DATA TO PROCESS:
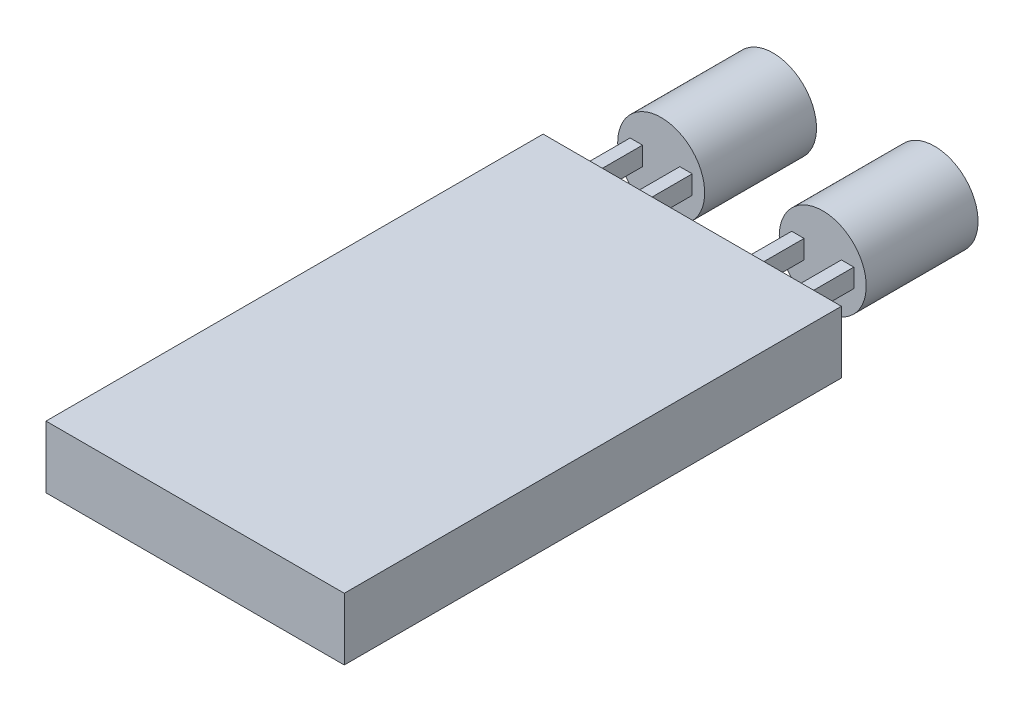
ISO-10303-21;
HEADER;
FILE_DESCRIPTION(('STEP AP214'),'2;1');
FILE_NAME('part.step','',(''),(''),'','','');
FILE_SCHEMA(('AUTOMOTIVE_DESIGN { 1 0 10303 214 1 1 1 1 }'));
ENDSEC;
DATA;
#1=APPLICATION_CONTEXT('core data for automotive mechanical design processes');
#2=APPLICATION_PROTOCOL_DEFINITION('international standard','automotive_design',2000,#1);
#3=PRODUCT_CONTEXT('',#1,'mechanical');
#4=PRODUCT('Part','Part','',(#3));
#5=PRODUCT_RELATED_PRODUCT_CATEGORY('part','',(#4));
#6=PRODUCT_DEFINITION_FORMATION('','',#4);
#7=PRODUCT_DEFINITION_CONTEXT('part definition',#1,'design');
#8=PRODUCT_DEFINITION('design','',#6,#7);
#9=PRODUCT_DEFINITION_SHAPE('','',#8);
#10=(LENGTH_UNIT() NAMED_UNIT(*) SI_UNIT(.MILLI.,.METRE.));
#11=(NAMED_UNIT(*) PLANE_ANGLE_UNIT() SI_UNIT($,.RADIAN.));
#12=(NAMED_UNIT(*) SI_UNIT($,.STERADIAN.) SOLID_ANGLE_UNIT());
#13=UNCERTAINTY_MEASURE_WITH_UNIT(LENGTH_MEASURE(1.E-05),#10,'distance_accuracy_value','');
#14=(GEOMETRIC_REPRESENTATION_CONTEXT(3) GLOBAL_UNCERTAINTY_ASSIGNED_CONTEXT((#13)) GLOBAL_UNIT_ASSIGNED_CONTEXT((#10,
#11,#12)) REPRESENTATION_CONTEXT('',''));
#15=CARTESIAN_POINT('',(0.,0.,0.));
#16=DIRECTION('',(0.,0.,1.));
#17=DIRECTION('',(1.,0.,0.));
#18=AXIS2_PLACEMENT_3D('',#15,#16,#17);
#19=CARTESIAN_POINT('',(-24.,5.,-9.42857142857144));
#20=DIRECTION('',(0.,0.,1.));
#21=DIRECTION('',(1.,0.,0.));
#22=AXIS2_PLACEMENT_3D('',#19,#20,#21);
#23=PLANE('',#22);
#24=DIRECTION('',(1.,0.,0.));
#25=VECTOR('',#24,1.);
#26=CARTESIAN_POINT('',(-16.,4.22951883751348,-9.42857142857144));
#27=LINE('',#26,#25);
#28=CARTESIAN_POINT('',(-17.,4.22951883751348,-9.42857142857144));
#29=VERTEX_POINT('',#28);
#30=CARTESIAN_POINT('',(-16.,4.22951883751348,-9.42857142857144));
#31=VERTEX_POINT('',#30);
#32=EDGE_CURVE('E211',#29,#31,#27,.T.);
#33=ORIENTED_EDGE('',*,*,#32,.F.);
#34=DIRECTION('',(0.,1.,0.));
#35=VECTOR('',#34,1.);
#36=CARTESIAN_POINT('',(-17.,4.22951883751348,-9.42857142857144));
#37=LINE('',#36,#35);
#38=CARTESIAN_POINT('',(-17.,2.72951883751348,-9.42857142857144));
#39=VERTEX_POINT('',#38);
#40=EDGE_CURVE('E216',#39,#29,#37,.T.);
#41=ORIENTED_EDGE('',*,*,#40,.F.);
#42=DIRECTION('',(-1.,0.,0.));
#43=VECTOR('',#42,1.);
#44=CARTESIAN_POINT('',(-16.,2.72951883751348,-9.42857142857144));
#45=LINE('',#44,#43);
#46=CARTESIAN_POINT('',(-16.,2.72951883751348,-9.42857142857144));
#47=VERTEX_POINT('',#46);
#48=EDGE_CURVE('E231',#47,#39,#45,.T.);
#49=ORIENTED_EDGE('',*,*,#48,.F.);
#50=DIRECTION('',(0.,-1.,0.));
#51=VECTOR('',#50,1.);
#52=CARTESIAN_POINT('',(-16.,4.22951883751348,-9.42857142857144));
#53=LINE('',#52,#51);
#54=EDGE_CURVE('E228',#31,#47,#53,.T.);
#55=ORIENTED_EDGE('',*,*,#54,.F.);
#56=EDGE_LOOP('',(#33,#41,#49,#55));
#57=FACE_BOUND('',#56,.T.);
#58=DIRECTION('',(0.,-1.,0.));
#59=VECTOR('',#58,1.);
#60=CARTESIAN_POINT('',(-3.,4.22951883751348,-9.42857142857144));
#61=LINE('',#60,#59);
#62=CARTESIAN_POINT('',(-3.,4.22951883751348,-9.42857142857144));
#63=VERTEX_POINT('',#62);
#64=CARTESIAN_POINT('',(-3.,2.72951883751348,-9.42857142857144));
#65=VERTEX_POINT('',#64);
#66=EDGE_CURVE('E283',#63,#65,#61,.T.);
#67=ORIENTED_EDGE('',*,*,#66,.F.);
#68=DIRECTION('',(1.,0.,0.));
#69=VECTOR('',#68,1.);
#70=CARTESIAN_POINT('',(-3.,4.22951883751348,-9.42857142857144));
#71=LINE('',#70,#69);
#72=CARTESIAN_POINT('',(-4.,4.22951883751348,-9.42857142857144));
#73=VERTEX_POINT('',#72);
#74=EDGE_CURVE('E288',#73,#63,#71,.T.);
#75=ORIENTED_EDGE('',*,*,#74,.F.);
#76=DIRECTION('',(0.,1.,0.));
#77=VECTOR('',#76,1.);
#78=CARTESIAN_POINT('',(-4.,4.22951883751348,-9.42857142857144));
#79=LINE('',#78,#77);
#80=CARTESIAN_POINT('',(-4.,2.72951883751348,-9.42857142857144));
#81=VERTEX_POINT('',#80);
#82=EDGE_CURVE('E303',#81,#73,#79,.T.);
#83=ORIENTED_EDGE('',*,*,#82,.F.);
#84=DIRECTION('',(-1.,0.,0.));
#85=VECTOR('',#84,1.);
#86=CARTESIAN_POINT('',(-3.,2.72951883751348,-9.42857142857144));
#87=LINE('',#86,#85);
#88=EDGE_CURVE('E300',#65,#81,#87,.T.);
#89=ORIENTED_EDGE('',*,*,#88,.F.);
#90=EDGE_LOOP('',(#67,#75,#83,#89));
#91=FACE_BOUND('',#90,.T.);
#92=DIRECTION('',(-1.,0.,0.));
#93=VECTOR('',#92,1.);
#94=CARTESIAN_POINT('',(-24.,0.,-9.42857142857144));
#95=LINE('',#94,#93);
#96=CARTESIAN_POINT('',(0.,0.,-9.42857142857144));
#97=VERTEX_POINT('',#96);
#98=CARTESIAN_POINT('',(-24.,0.,-9.42857142857144));
#99=VERTEX_POINT('',#98);
#100=EDGE_CURVE('E324',#97,#99,#95,.T.);
#101=ORIENTED_EDGE('',*,*,#100,.T.);
#102=DIRECTION('',(0.,-1.,0.));
#103=VECTOR('',#102,1.);
#104=CARTESIAN_POINT('',(-24.,5.,-9.42857142857144));
#105=LINE('',#104,#103);
#106=CARTESIAN_POINT('',(-24.,5.,-9.42857142857144));
#107=VERTEX_POINT('',#106);
#108=EDGE_CURVE('E330',#107,#99,#105,.T.);
#109=ORIENTED_EDGE('',*,*,#108,.F.);
#110=DIRECTION('',(-1.,0.,0.));
#111=VECTOR('',#110,1.);
#112=CARTESIAN_POINT('',(-24.,5.,-9.42857142857144));
#113=LINE('',#112,#111);
#114=CARTESIAN_POINT('',(0.,5.,-9.42857142857144));
#115=VERTEX_POINT('',#114);
#116=EDGE_CURVE('E328',#115,#107,#113,.T.);
#117=ORIENTED_EDGE('',*,*,#116,.F.);
#118=DIRECTION('',(0.,-1.,0.));
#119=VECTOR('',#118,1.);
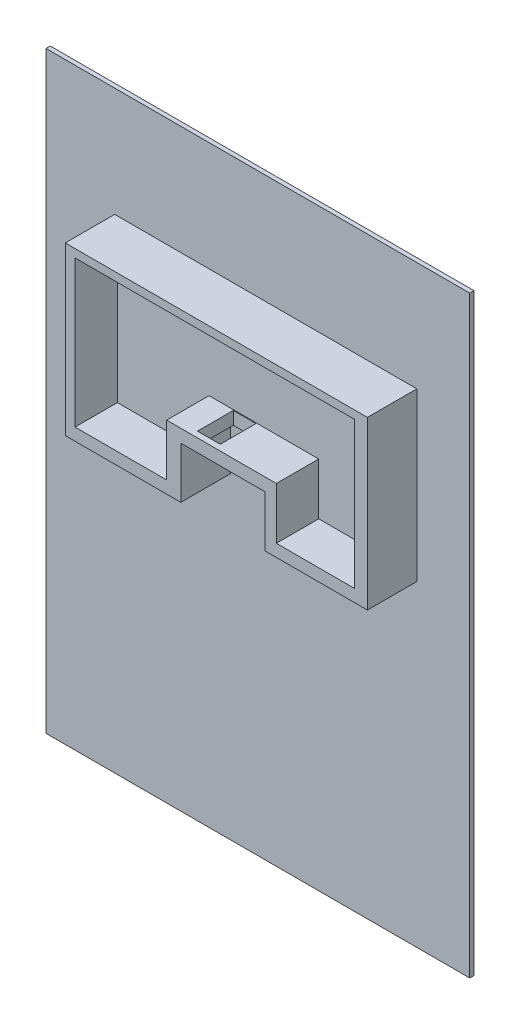
ISO-10303-21;
HEADER;
FILE_DESCRIPTION(('STEP AP214'),'2;1');
FILE_NAME('part.step','',(''),(''),'','','');
FILE_SCHEMA(('AUTOMOTIVE_DESIGN { 1 0 10303 214 1 1 1 1 }'));
ENDSEC;
DATA;
#1=APPLICATION_CONTEXT('core data for automotive mechanical design processes');
#2=APPLICATION_PROTOCOL_DEFINITION('international standard','automotive_design',2000,#1);
#3=PRODUCT_CONTEXT('',#1,'mechanical');
#4=PRODUCT('Part','Part','',(#3));
#5=PRODUCT_RELATED_PRODUCT_CATEGORY('part','',(#4));
#6=PRODUCT_DEFINITION_FORMATION('','',#4);
#7=PRODUCT_DEFINITION_CONTEXT('part definition',#1,'design');
#8=PRODUCT_DEFINITION('design','',#6,#7);
#9=PRODUCT_DEFINITION_SHAPE('','',#8);
#10=(LENGTH_UNIT() NAMED_UNIT(*) SI_UNIT(.MILLI.,.METRE.));
#11=(NAMED_UNIT(*) PLANE_ANGLE_UNIT() SI_UNIT($,.RADIAN.));
#12=(NAMED_UNIT(*) SI_UNIT($,.STERADIAN.) SOLID_ANGLE_UNIT());
#13=UNCERTAINTY_MEASURE_WITH_UNIT(LENGTH_MEASURE(1.E-05),#10,'distance_accuracy_value','');
#14=(GEOMETRIC_REPRESENTATION_CONTEXT(3) GLOBAL_UNCERTAINTY_ASSIGNED_CONTEXT((#13)) GLOBAL_UNIT_ASSIGNED_CONTEXT((#10,
#11,#12)) REPRESENTATION_CONTEXT('',''));
#15=CARTESIAN_POINT('',(0.,0.,0.));
#16=DIRECTION('',(0.,0.,1.));
#17=DIRECTION('',(1.,0.,0.));
#18=AXIS2_PLACEMENT_3D('',#15,#16,#17);
#19=CARTESIAN_POINT('',(0.,0.,300.));
#20=DIRECTION('',(0.,0.,1.));
#21=DIRECTION('',(1.,0.,0.));
#22=AXIS2_PLACEMENT_3D('',#19,#20,#21);
#23=PLANE('',#22);
#24=DIRECTION('',(0.,-1.,0.));
#25=VECTOR('',#24,1.);
#26=CARTESIAN_POINT('',(-13806.8006711639,5017.15265866209,300.));
#27=LINE('',#26,#25);
#28=CARTESIAN_POINT('',(-13806.8006711639,5017.15265866209,300.));
#29=VERTEX_POINT('',#28);
#30=CARTESIAN_POINT('',(-13806.8006711639,-36982.8473413379,300.));
#31=VERTEX_POINT('',#30);
#32=EDGE_CURVE('E350',#29,#31,#27,.T.);
#33=ORIENTED_EDGE('',*,*,#32,.T.);
#34=DIRECTION('',(1.,0.,0.));
#35=VECTOR('',#34,1.);
#36=CARTESIAN_POINT('',(-13806.8006711639,-36982.8473413379,300.));
#37=LINE('',#36,#35);
#38=CARTESIAN_POINT('',(16193.1993288361,-36982.8473413379,300.));
#39=VERTEX_POINT('',#38);
#40=EDGE_CURVE('E353',#31,#39,#37,.T.);
#41=ORIENTED_EDGE('',*,*,#40,.T.);
#42=DIRECTION('',(0.,1.,0.));
#43=VECTOR('',#42,1.);
#44=CARTESIAN_POINT('',(16193.1993288361,5017.15265866209,300.));
#45=LINE('',#44,#43);
#46=CARTESIAN_POINT('',(16193.1993288361,5017.15265866209,300.));
#47=VERTEX_POINT('',#46);
#48=EDGE_CURVE('E356',#39,#47,#45,.T.);
#49=ORIENTED_EDGE('',*,*,#48,.T.);
#50=DIRECTION('',(-1.,0.,0.));
#51=VECTOR('',#50,1.);
#52=CARTESIAN_POINT('',(-13806.8006711639,5017.15265866209,300.));
#53=LINE('',#52,#51);
#54=EDGE_CURVE('E358',#47,#29,#53,.T.);
#55=ORIENTED_EDGE('',*,*,#54,.T.);
#56=EDGE_LOOP('',(#33,#41,#49,#55));
#57=FACE_BOUND('',#56,.T.);
#58=DIRECTION('',(-1.,0.,0.));
#59=VECTOR('',#58,1.);
#60=CARTESIAN_POINT('',(0.,-14541.0624681403,300.));
#61=LINE('',#60,#59);
#62=CARTESIAN_POINT('',(-760.186628399339,-14541.0624681403,300.));
#63=VERTEX_POINT('',#62);
#64=CARTESIAN_POINT('',(-8945.80397300491,-14541.0624681403,300.));
#65=VERTEX_POINT('',#64);
#66=EDGE_CURVE('E343',#63,#65,#61,.T.);
#67=ORIENTED_EDGE('',*,*,#66,.T.);
#68=DIRECTION('',(0.,1.,0.));
#69=VECTOR('',#68,1.);
#70=CARTESIAN_POINT('',(-8945.80397300491,0.,300.));
#71=LINE('',#70,#69);
#72=CARTESIAN_POINT('',(-8945.80397300491,-2727.72834581182,300.));
#73=VERTEX_POINT('',#72);
#74=EDGE_CURVE('E346',#65,#73,#71,.T.);
#75=ORIENTED_EDGE('',*,*,#74,.T.);
#76=DIRECTION('',(1.,0.,0.));
#77=VECTOR('',#76,1.);
#78=CARTESIAN_POINT('',(0.,-2727.72834581182,300.));
#79=LINE('',#78,#77);
#80=CARTESIAN_POINT('',(12448.4231776688,-2727.72834581182,300.));
#81=VERTEX_POINT('',#80);
#82=EDGE_CURVE('E325',#73,#81,#79,.T.);
#83=ORIENTED_EDGE('',*,*,#82,.T.);
#84=DIRECTION('',(0.,-1.,0.));
#85=VECTOR('',#84,1.);
#86=CARTESIAN_POINT('',(12448.4231776688,0.,300.));
#87=LINE('',#86,#85);
#88=CARTESIAN_POINT('',(12448.4231776688,-14541.0624681403,300.));
#89=VERTEX_POINT('',#88);
#90=EDGE_CURVE('E328',#81,#89,#87,.T.);
#91=ORIENTED_EDGE('',*,*,#90,.T.);
#92=DIRECTION('',(-1.,0.,0.));
#93=VECTOR('',#92,1.);
#94=CARTESIAN_POINT('',(0.,-14541.0624681403,300.));
#95=LINE('',#94,#93);
#96=CARTESIAN_POINT('',(5192.98962222291,-14541.0624681403,300.));
#97=VERTEX_POINT('',#96);
#98=EDGE_CURVE('E331',#89,#97,#95,.T.);
#99=ORIENTED_EDGE('',*,*,#98,.T.);
#100=DIRECTION('',(0.,1.,0.));
#101=VECTOR('',#100,1.);
#102=CARTESIAN_POINT('',(5192.98962222291,0.,300.));
#103=LINE('',#102,#101);
#104=CARTESIAN_POINT('',(5192.98962222291,-10913.3456904174,300.));
#105=VERTEX_POINT('',#104);
#106=EDGE_CURVE('E334',#97,#105,#103,.T.);
#107=ORIENTED_EDGE('',*,*,#106,.T.);
#108=DIRECTION('',(-1.,0.,0.));
#109=VECTOR('',#108,1.);
#110=CARTESIAN_POINT('',(0.,-10913.3456904174,300.));
#111=LINE('',#110,#109);
#112=CARTESIAN_POINT('',(-760.186628399339,-10913.3456904174,300.));
#113=VERTEX_POINT('',#112);
#114=EDGE_CURVE('E337',#105,#113,#111,.T.);
#115=ORIENTED_EDGE('',*,*,#114,.T.);
#116=DIRECTION('',(0.,-1.,0.));
#117=VECTOR('',#116,1.);
#118=CARTESIAN_POINT('',(-760.186628399339,0.,300.));
#119=LINE('',#118,#117);
#120=EDGE_CURVE('E340',#113,#63,#119,.T.);
#121=ORIENTED_EDGE('',*,*,#120,.T.);
#122=EDGE_LOOP('',(#67,#75,#83,#91,#99,#107,#115,#121));
#123=FACE_BOUND('',#122,.T.);
#124=ADVANCED_FACE('F33',(#57,#123),#23,.T.);
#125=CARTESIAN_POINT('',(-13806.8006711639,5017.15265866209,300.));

EXERCISE: Reproduce exactly the lines above from the line with "#104=CARTESIAN_POINT('',(-24.,5.,-9.42857142857144));" to the line with "#117=ORIENTED_EDGE('',*,*,#116,.F.);", including both, and add nothing.

REPLY TO THE TASK:
#104=CARTESIAN_POINT('',(-24.,5.,-9.42857142857144));
#105=LINE('',#104,#103);
#106=CARTESIAN_POINT('',(-24.,5.,-9.42857142857144));
#107=VERTEX_POINT('',#106);
#108=EDGE_CURVE('E330',#107,#99,#105,.T.);
#109=ORIENTED_EDGE('',*,*,#108,.F.);
#110=DIRECTION('',(-1.,0.,0.));
#111=VECTOR('',#110,1.);
#112=CARTESIAN_POINT('',(-24.,5.,-9.42857142857144));
#113=LINE('',#112,#111);
#114=CARTESIAN_POINT('',(0.,5.,-9.42857142857144));
#115=VERTEX_POINT('',#114);
#116=EDGE_CURVE('E328',#115,#107,#113,.T.);
#117=ORIENTED_EDGE('',*,*,#116,.F.);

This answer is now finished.